I'll keep an eye open to see if any offers on them in next few months :thumb:


----------



## beatty599 (Sep 18, 2016)

Dunlop Sport Maxx RT2 for best of price / wear / performance


----------



## spyk3d (Nov 25, 2007)

Thanks for everyone who has added their thoughts to far.

Andyblue - No issues on the thread hijack, was an interesting point and not one I had thought about. 

I've had the Goodyear Eagle F1 Asymmetric 3's on the current alloys and would say they have lasted roughly 30k miles and now down to 3mm. As good a reason as any to think about switching them to winter tyres and getting something stickier on the new summer ones. Definitely thinking about getting some part worn ones now after following wrxmania's threads.


----------



## mawallace (Apr 18, 2017)

what is the difference between Michelin Pilot Sport 4 and 4s? Which is best in terms of grip and wear / tear?


----------



## percymon (Jun 27, 2007)

spyk3d said:


> Thanks for everyone who has added their thoughts to far.
> 
> Andyblue - No issues on the thread hijack, was an interesting point and not one I had thought about.
> 
> I've had the Goodyear Eagle F1 Asymmetric 3's on the current alloys and would say they have lasted roughly 30k miles and now down to 3mm. As good a reason as any to think about switching them to winter tyres and getting something stickier on the new summer ones. Definitely thinking about getting some part worn ones now after following wrxmania's threads.

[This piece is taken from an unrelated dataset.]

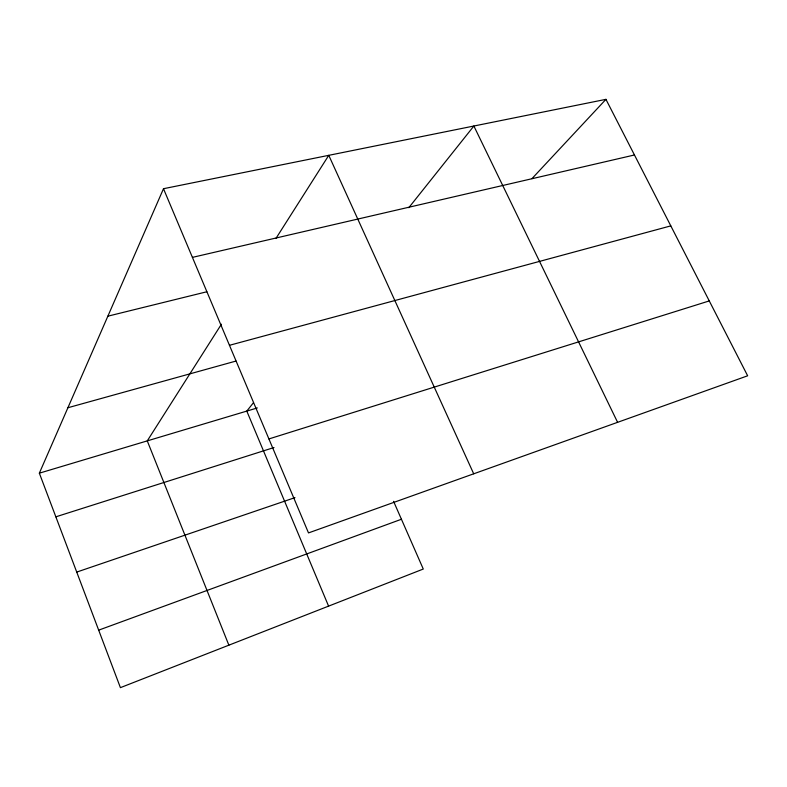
<?xml version="1.0" encoding="UTF-8"?>
<svg xmlns="http://www.w3.org/2000/svg" width="787" height="787" viewBox="0 0 787 787"><rect width="100%" height="100%" fill="white"/><g stroke="black" fill="none" stroke-linecap="round" stroke-linejoin="round"><path stroke-width="1.18" d="M393.569 501.329L423.278 569.04L120.411 687.651L39.35 473.174L163.489 188.713L605.941 99.349L747.65 375.793L308.504 532.917L163.489 188.713M221.432 324.195L147.267 440.877L228.869 645.183M275.932 238.461L328.769 155.324L473.705 473.813M253.512 402.649L246.793 411.089L328.592 606.128M408.807 207.699L473.872 126.018L617.598 422.324M531.933 178.669L605.941 99.349M98.68 630.151L401.429 519.253M76.733 572.08L294.977 497.63M55.847 516.823L274.004 447.528M268.908 438.939L709.274 300.919M39.35 473.174L257.319 407.941M67.908 407.735L235.992 361.056M229.46 345.306L670.799 225.879M107.858 316.177L206.853 291.761M192.422 257.379L634.46 154.98"/></g></svg>

Eagle F1 Assymetric are woeful in cold temps - wet grip really drops off when you get into the colder months, and night time temps are in single digits. You'd be better using them up as summer tyres, and putting winters on the second set of rims


----------



## Russ (Jun 27, 2006)

mawallace said:


> what is the difference between Michelin Pilot Sport 4 and 4s? Which is best in terms of grip and wear / tear?


You can't get the 4s in anything under 19's I didn't think.

A review suggests the 4s is marginally better on track, but the 4 is still a great tyre, not much in them front what I could tell when I researched.

I have 18's and didn't realise I couldn't get the 4s, but interesting reading. I have the 4 on my golf r, £155 for two fitted, pretty happy with them.


----------



## spyk3d (Nov 25, 2007)

percymon said:


> Eagle F1 Assymetric are woeful in cold temps - wet grip really drops off when you get into the colder months, and night time temps are in single digits. You'd be better using them up as summer tyres, and putting winters on the second set of rims


Good thing they are down to 3mm then. Another couple of months should see them done. In the meantime I will look for some decent winter tyres to replace them and some stickier rubber for the 19's for the summer months.


----------



## The Cueball (Feb 8, 2007)

Eagle F1 lasting 30k miles?!?!?

F******king hell.... :lol:

I had a set on my old RS6 and they lasted less than 2k..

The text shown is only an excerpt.